# Fly Boxes



## Bow-man (Apr 18, 2013)

I have seen some great photos of really good looking fly boxes on these pages. How do you organize your flies? I always seem to be carrying a lot of boxes when I go out on the water but I don't want to limit myself? 
Suggestions?


----------



## Flymaker (Jan 24, 2013)

Depends what Im fishing for....I tend to tie for each fish I chase...with smallmouth its easy couple boxes of streamers ...for trout its not as simple....all my nymphs are in 1 box ....if I have Pheasant tails in size 20-12 each size gets a row ...then caddies ...then hares ears....etc....my general trout streamers are in one box ...and my BIG trout streamers in another.....you just need to find a system that works for you and the conditions you fish....if I know I'm going to the mad river with crystal clear water and normal flows ....I will carry flys for that condition....if the river is up and has some color its big streamer time ......its best to just have a lot of boxes stuffed with flys for the fish and conditions you will face....for streamers those $3.00 boxes from walmart are fine ....for nymphs and dry fly's you want more true to the sport fly boxes....May not be the answer you where after ..But if you think about it ..it may be helpful...


----------



## whjr15 (Jun 16, 2005)

I've got a couple double-sided Orvis waterproof boxes. One small, one medium. Like Flymaker, the one I carry depends on what I'm fishing for that day. 

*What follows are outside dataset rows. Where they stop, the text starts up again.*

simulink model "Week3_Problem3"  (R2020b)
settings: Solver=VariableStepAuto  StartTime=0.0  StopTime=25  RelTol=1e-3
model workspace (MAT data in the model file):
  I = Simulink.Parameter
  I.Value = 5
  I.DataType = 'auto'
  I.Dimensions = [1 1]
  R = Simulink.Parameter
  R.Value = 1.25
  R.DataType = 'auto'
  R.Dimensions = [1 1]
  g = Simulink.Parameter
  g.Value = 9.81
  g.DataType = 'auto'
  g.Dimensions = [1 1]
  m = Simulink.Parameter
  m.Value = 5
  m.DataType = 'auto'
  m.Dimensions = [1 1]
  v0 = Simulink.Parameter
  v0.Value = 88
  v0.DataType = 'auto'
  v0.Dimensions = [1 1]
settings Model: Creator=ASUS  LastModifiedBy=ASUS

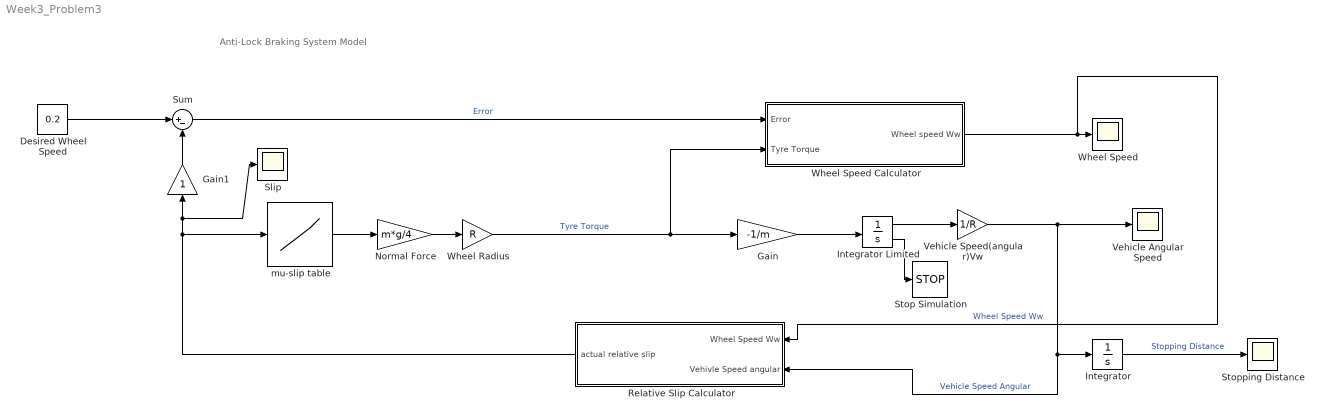
== system Week3_Problem3 ==
  note: Anti-Lock Braking System Model
  Desired Wheel Speed : Constant  Value=0.2
  Gain : Gain  Gain=-1/m
  Gain1 : Gain
  Integrator : Integrator
  Integrator Limited : Integrator  InitialCondition=v0  LimitOutput=on  UpperSaturationLimit=1000  LowerSaturationLimit=0  ShowSaturationPort=on
  Normal Force : Gain  Gain=m*g/4
  Relative Slip Calculator : Subsystem
  Slip : Scope
  Stop Simulation : Stop
  Stopping Distance : Scope
  Sum : Sum  Inputs=|+-
  Vehicle Angular Speed : Scope
  Vehicle Speed(angular)Vw : Gain  Gain=1/R
  Wheel Radius : Gain  Gain=R
  Wheel Speed : Scope
  Wheel Speed Calculator : Subsystem
  mu-slip table : Lookup_n-D  NumberOfTableDimensions=1  BreakpointsForDimension1=[0,0.05,0.1,0.15,0.2,0.25,0.3,0.35,0.4,0.45,.5,0.55,0.6,0.65,0.7,0.75,0.8,0.85,0.9,0.95,1]  Table=[0,0.4,0.8,0.97,1,0.98,0.96,0.94,0.92,0.9,0.88,0.855,0.83,0.81,0.79,0.77,0.75,0.73,0.72,0.71,0.7]  InternalRulePriority=Speed  RndMeth=Simplest  InputSameDT=on
  wires:
  Desired Wheel Speed/1 -> Sum/1
  mu-slip table/1 -> Normal Force/1
  Normal Force/1 -> Wheel Radius/1
  Sum/1 -> Wheel Speed Calculator/1(Error)  "Error"
  Wheel Radius/1 -> Gain/1, Wheel Speed Calculator/2(Tyre Torque)  "Tyre Torque"
  Wheel Speed Calculator/1(Wheel speed Ww) -> Wheel Speed/1, Relative Slip Calculator/1(Wheel Speed Ww)  "Wheel Speed Ww"
  Gain/1 -> Integrator Limited/1
  Integrator Limited/1 -> Vehicle Speed(angular)Vw/1
  Vehicle Speed(angular)Vw/1 -> Integrator/1, Relative Slip Calculator/2(Vehivle Speed angular), Vehicle Angular Speed/1  "Vehicle Speed Angular"
  Integrator Limited/2 -> Stop Simulation/1
  Relative Slip Calculator/1(actual relative slip) -> Gain1/1, Slip/1, mu-slip table/1
  Integrator/1 -> Stopping Distance/1  "Stopping Distance"
  Gain1/1 -> Sum/2

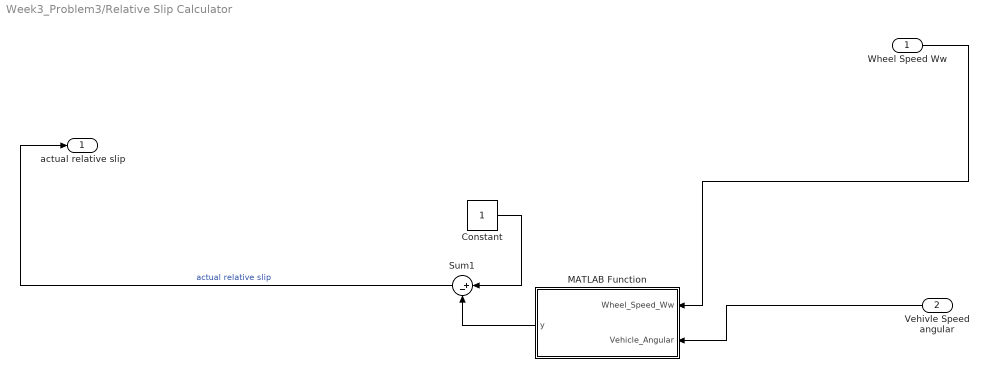
== system Week3_Problem3/Relative Slip Calculator ==
  Wheel Speed Ww : Inport
  Vehivle Speed angular : Inport  Port=2
  Constant : Constant
  MATLAB Function : MATLAB Function  TreatAsAtomicUnit=on
  Sum1 : Sum  Inputs=|+-
  actual relative slip : Outport
  wires:
  MATLAB Function/1(y) -> Sum1/2
  Wheel Speed Ww/1 -> MATLAB Function/1(Wheel_Speed_Ww)
  Sum1/1 -> actual relative slip/1  "actual relative slip"
  Constant/1 -> Sum1/1
  Vehivle Speed angular/1 -> MATLAB Function/2(Vehicle_Angular)

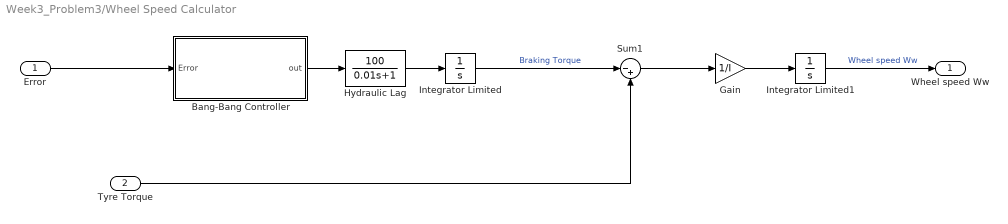
== system Week3_Problem3/Wheel Speed Calculator ==
  Error : Inport
  Tyre Torque : Inport  Port=2
  Bang-Bang Controller : Subsystem
  Gain : Gain  Gain=1/I
  Hydraulic Lag : TransferFcn  Numerator=[100]  Denominator=[0.01 1]
  Integrator Limited : Integrator  LimitOutput=on  UpperSaturationLimit=1000  LowerSaturationLimit=0
  Integrator Limited1 : Integrator  InitialCondition=v0/R  LimitOutput=on  UpperSaturationLimit=1000  LowerSaturationLimit=0
  Sum1 : Sum  Inputs=|-+
  Wheel speed Ww : Outport
  wires:
  Hydraulic Lag/1 -> Integrator Limited/1
  Gain/1 -> Integrator Limited1/1
  Error/1 -> Bang-Bang Controller/1(Error)
  Bang-Bang Controller/1(out) -> Hydraulic Lag/1
  Integrator Limited1/1 -> Wheel speed Ww/1  "Wheel speed Ww"
  Integrator Limited/1 -> Sum1/1  "Braking Torque"
  Tyre Torque/1 -> Sum1/2
  Sum1/1 -> Gain/1

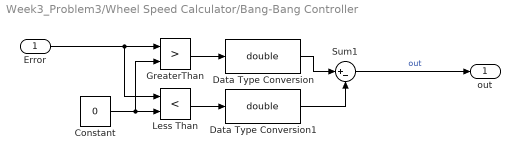
== system Week3_Problem3/Wheel Speed Calculator/Bang-Bang Controller ==
  Error : Inport
  Constant : Constant  Value=0
  Data Type Conversion : DataTypeConversion  OutDataTypeStr=double  RndMeth=Zero
  Data Type Conversion1 : DataTypeConversion  OutDataTypeStr=double  RndMeth=Zero
  GreaterThan : RelationalOperator  Operator=>  OutDataTypeStr=boolean  RndMeth=Simplest
  Less Than : RelationalOperator  Operator=<  OutDataTypeStr=boolean  RndMeth=Simplest
  Sum1 : Sum  Inputs=|+-
  out : Outport
  wires:
  Error/1 -> Less Than/1, GreaterThan/1
  Data Type Conversion/1 -> Sum1/1
  Less Than/1 -> Data Type Conversion1/1
  Constant/1 -> GreaterThan/2, Less Than/2
  GreaterThan/1 -> Data Type Conversion/1
  Data Type Conversion1/1 -> Sum1/2
  Sum1/1 -> out/1  "out"

== matlab function Week3_Problem3/Relative Slip Calculator/MATLAB Function ==
  data: Wheel_Speed_Ww input; Vehicle_Angular input; y output
function y = fcn(Wheel_Speed_Ww, Vehicle_Angular)

y = Wheel_Speed_Ww/Vehicle_Angular

On one side you can put your streamers, and on the other your nymphs... Or one side can be the flies you use most, and the other you can put the "back-ups"... However you see fit. With them being double-sided, it's like having 2 boxes; but only using the space of one!


----------



## fallen513 (Jan 5, 2010)

I tie two or three flies before each trip. 

I lose them in the river, my car, the laundry & various other places.


----------



## crkwader (Nov 7, 2008)

I carry one of two fly boxes.

If I am going out for a full day, I will use the cliffs super days worth:








I really like these boxes because I can carry everything I might need for a day, streamers, poppers or nymphs.

If I cam just going out for an hour or so, I will carry the days worth:








its basically the same idea as the super days worth just smaller.


----------



## gildor (Oct 12, 2008)

I only have one small box with all of my flies, with a deeper half and a shallower half. Bigger flies on one side, obviously. I'm looking into getting one of them fly wallets (or making one) to have something on the river that is slimmer than the box, and will carry what I need on a given stretch of a river.


----------



## ejsell (May 3, 2012)

I mostly use the slim boxes they sell at Bass Pro and Orvis for everything but my steelhead flies. The thin magnetized boxes from Orvis are great for really small nymphs and have little separators so you can organize them by type or size.


----------



## whjr15 (Jun 16, 2005)

fallen513 said:


> I tie two or three flies before each trip.
> 
> I lose them in the river, my car, the laundry & various other places.



HAHA at least I'm not the only one!

No matter how perfectly organized my box/vest/etc are, after the trip it's all a mess anyway!


----------



## sbreech (Jun 6, 2010)

I just keep adding to my fly box. As I lose them, I add more. At the end of the season I clean up and reorganize. My vest has 2 built in boxes and I also carry 2 orvis double sided boxes. I fill all of these from my big plano boxes on my tying bench. When I tie flies, I always tie multiples of 6, and different flies get their own compartment in the plano boxes. When I go fishing, I always add multiples of 3 to my vest. Maybe I'm OCD.... Hmmmmm....


----------



## kingofamberley (Jul 11, 2012)

I have one fly box that I've had since I was a kid... at the beginning of the season it is completely loaded up from a winter's worth of tying, by the end it is usually looking pretty grim. It really needs to be replaced or supplemented but I am a cheapo. If I head to the creek for gills and bass and bring only one box, it is this one.
I have an Altoids tin that I want to turn in to a fly box for small offerings, but for now I put a bunch of Shannon's Streamers in it and threw it in the chest pack. My chest pack has a flip down tray with some foam fly trays in it that hold some larger streamers/the wet flies that I don't want to put back in to the box. I was gifted some small plastic tray boxes full of small trout flies/nymphs/dries recently too.


----------